■ What is being asked: Tally how many lines in the data below include "size", then please reply with only that figure.

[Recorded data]
────────────────

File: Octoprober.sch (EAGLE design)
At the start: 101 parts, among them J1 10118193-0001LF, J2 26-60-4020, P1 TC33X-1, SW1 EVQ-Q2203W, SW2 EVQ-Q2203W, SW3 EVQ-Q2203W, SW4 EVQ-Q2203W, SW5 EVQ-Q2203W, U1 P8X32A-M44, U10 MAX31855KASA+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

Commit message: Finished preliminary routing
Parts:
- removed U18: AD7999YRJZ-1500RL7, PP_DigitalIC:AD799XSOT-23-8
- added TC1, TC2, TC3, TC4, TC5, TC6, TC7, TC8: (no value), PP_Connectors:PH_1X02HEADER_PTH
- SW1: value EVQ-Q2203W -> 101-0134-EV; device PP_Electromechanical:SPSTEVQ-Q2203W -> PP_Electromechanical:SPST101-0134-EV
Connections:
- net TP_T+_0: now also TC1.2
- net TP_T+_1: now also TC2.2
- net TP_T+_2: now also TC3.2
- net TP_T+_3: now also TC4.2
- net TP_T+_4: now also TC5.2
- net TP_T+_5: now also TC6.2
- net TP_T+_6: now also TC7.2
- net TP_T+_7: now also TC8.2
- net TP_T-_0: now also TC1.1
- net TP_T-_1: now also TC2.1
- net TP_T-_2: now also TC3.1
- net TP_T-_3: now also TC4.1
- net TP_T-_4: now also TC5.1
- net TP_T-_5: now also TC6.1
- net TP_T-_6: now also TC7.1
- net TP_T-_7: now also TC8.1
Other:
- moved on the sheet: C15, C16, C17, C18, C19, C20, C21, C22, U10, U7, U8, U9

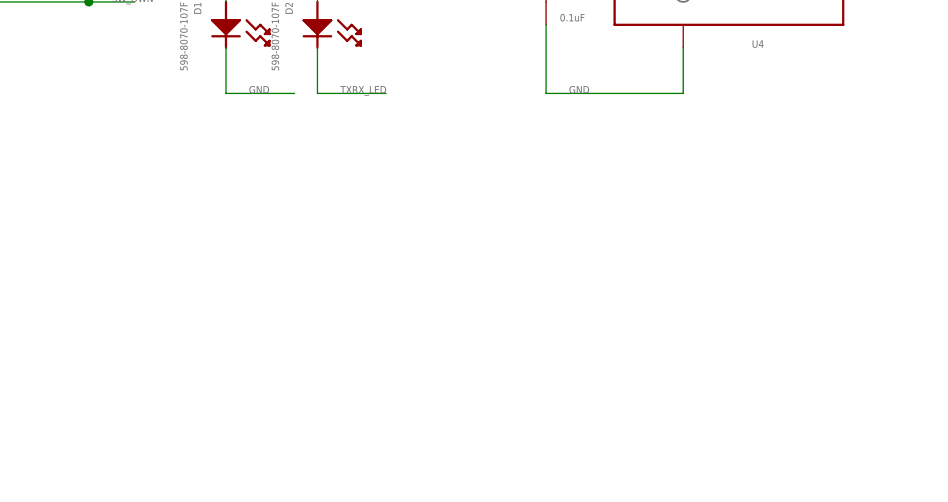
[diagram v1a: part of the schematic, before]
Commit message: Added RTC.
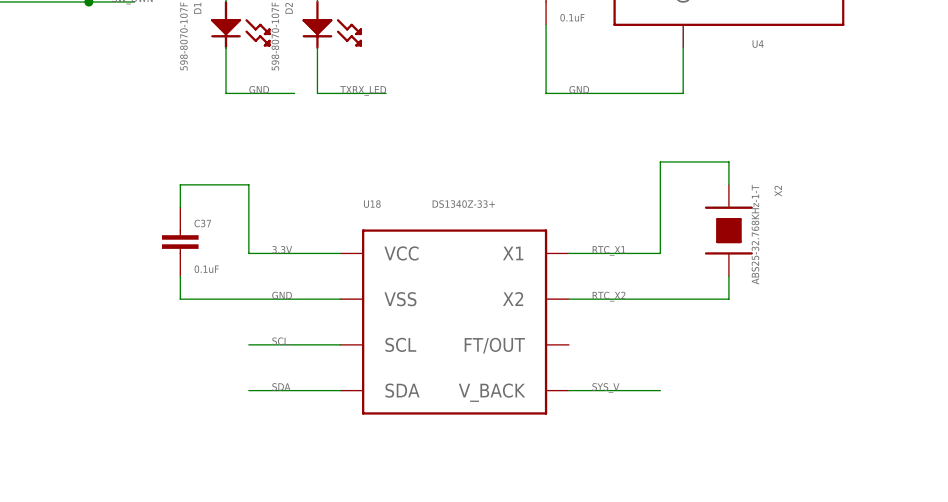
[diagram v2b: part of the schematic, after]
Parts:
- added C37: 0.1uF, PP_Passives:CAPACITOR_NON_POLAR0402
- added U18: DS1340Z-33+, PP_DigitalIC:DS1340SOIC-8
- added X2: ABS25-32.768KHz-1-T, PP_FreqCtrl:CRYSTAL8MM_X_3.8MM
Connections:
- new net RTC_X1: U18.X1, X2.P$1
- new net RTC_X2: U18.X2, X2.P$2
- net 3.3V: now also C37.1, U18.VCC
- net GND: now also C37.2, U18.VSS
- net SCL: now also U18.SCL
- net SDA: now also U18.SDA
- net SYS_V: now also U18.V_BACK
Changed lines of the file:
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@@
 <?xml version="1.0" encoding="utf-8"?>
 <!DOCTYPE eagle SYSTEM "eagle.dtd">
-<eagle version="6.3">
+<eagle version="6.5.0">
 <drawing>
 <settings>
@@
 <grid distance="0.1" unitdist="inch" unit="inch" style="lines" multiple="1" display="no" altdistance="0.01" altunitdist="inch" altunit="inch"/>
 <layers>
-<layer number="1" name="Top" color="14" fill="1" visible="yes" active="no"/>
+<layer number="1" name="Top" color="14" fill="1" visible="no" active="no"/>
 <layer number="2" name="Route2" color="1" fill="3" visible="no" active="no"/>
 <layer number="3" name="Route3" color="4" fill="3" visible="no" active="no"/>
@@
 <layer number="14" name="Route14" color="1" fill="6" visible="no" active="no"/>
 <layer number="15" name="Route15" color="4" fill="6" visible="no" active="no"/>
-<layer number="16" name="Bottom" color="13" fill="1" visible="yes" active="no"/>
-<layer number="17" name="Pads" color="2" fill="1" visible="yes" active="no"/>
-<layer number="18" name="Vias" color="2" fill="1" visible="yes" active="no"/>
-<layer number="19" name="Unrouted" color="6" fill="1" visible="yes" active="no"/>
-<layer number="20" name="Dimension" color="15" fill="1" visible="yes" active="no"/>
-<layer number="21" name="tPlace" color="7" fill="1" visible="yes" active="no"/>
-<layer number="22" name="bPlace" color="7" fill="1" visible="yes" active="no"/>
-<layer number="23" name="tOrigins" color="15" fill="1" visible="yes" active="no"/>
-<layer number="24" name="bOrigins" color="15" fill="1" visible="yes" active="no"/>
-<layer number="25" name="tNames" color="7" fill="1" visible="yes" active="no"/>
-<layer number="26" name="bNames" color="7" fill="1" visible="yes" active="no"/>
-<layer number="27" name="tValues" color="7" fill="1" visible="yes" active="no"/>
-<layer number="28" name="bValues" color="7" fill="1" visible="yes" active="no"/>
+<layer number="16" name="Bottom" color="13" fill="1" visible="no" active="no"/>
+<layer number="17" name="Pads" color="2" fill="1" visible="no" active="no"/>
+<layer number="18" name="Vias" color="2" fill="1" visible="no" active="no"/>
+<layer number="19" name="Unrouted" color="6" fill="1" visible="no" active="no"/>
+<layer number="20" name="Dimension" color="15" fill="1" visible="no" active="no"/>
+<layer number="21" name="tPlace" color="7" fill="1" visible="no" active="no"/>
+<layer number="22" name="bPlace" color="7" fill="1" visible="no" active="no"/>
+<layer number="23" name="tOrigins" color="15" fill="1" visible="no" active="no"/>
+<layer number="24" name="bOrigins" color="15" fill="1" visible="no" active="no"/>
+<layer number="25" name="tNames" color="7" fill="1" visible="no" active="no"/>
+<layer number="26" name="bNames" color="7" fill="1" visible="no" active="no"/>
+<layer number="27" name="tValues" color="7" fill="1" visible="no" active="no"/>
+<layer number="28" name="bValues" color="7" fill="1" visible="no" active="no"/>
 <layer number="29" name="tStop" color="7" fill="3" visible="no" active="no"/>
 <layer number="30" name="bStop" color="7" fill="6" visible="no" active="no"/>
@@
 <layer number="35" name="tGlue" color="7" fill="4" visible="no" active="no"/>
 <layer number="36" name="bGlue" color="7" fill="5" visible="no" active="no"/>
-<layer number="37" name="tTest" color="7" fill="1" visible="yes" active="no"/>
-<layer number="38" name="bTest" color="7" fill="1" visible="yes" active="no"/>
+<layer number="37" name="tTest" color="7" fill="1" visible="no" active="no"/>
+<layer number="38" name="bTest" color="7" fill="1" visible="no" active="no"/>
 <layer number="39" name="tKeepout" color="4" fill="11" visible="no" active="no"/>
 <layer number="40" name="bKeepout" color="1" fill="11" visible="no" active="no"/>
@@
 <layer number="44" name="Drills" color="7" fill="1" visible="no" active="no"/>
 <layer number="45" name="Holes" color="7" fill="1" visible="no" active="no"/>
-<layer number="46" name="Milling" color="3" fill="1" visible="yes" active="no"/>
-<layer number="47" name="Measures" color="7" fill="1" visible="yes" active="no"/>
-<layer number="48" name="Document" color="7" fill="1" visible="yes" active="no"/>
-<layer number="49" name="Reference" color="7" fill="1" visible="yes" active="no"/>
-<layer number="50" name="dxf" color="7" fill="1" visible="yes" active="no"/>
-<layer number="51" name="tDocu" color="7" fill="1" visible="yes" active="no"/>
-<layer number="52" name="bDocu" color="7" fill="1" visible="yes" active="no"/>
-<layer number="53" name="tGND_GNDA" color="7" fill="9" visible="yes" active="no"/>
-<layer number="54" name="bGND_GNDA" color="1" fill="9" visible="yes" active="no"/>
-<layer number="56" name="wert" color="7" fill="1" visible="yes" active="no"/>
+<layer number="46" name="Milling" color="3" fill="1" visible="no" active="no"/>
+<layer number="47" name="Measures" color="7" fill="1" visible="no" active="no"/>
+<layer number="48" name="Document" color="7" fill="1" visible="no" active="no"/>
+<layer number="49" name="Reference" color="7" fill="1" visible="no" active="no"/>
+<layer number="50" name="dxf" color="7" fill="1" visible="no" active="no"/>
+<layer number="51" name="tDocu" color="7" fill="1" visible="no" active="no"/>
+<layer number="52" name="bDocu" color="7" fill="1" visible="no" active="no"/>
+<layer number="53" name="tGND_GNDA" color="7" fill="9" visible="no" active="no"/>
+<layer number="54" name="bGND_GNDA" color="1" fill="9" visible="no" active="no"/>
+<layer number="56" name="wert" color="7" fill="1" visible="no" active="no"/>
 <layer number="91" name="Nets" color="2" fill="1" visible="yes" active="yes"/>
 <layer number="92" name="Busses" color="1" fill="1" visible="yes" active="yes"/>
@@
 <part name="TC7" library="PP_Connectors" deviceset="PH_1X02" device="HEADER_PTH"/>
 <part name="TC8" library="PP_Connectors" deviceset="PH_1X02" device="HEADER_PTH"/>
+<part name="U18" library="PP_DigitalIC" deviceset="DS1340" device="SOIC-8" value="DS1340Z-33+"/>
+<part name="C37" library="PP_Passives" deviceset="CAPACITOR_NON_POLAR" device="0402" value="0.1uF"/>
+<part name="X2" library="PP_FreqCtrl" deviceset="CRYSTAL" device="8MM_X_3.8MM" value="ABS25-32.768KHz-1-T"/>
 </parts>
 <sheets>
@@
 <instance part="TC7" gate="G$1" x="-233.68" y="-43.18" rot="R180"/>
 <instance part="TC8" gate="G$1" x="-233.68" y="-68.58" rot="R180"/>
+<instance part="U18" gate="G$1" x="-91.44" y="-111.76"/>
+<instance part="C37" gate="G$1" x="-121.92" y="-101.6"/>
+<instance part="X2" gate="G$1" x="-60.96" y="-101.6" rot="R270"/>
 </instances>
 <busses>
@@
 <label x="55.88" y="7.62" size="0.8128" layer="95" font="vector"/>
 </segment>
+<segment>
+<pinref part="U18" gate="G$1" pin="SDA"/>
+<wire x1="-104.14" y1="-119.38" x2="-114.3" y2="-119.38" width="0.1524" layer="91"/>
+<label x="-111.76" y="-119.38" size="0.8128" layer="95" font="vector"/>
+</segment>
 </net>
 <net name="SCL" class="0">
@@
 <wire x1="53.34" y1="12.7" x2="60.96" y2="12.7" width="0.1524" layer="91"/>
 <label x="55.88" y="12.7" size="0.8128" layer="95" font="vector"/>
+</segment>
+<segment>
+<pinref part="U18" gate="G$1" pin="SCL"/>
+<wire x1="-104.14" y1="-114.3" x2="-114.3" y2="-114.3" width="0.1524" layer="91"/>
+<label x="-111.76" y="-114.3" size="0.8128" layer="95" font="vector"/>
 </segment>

────────────────

■ Written answer: 4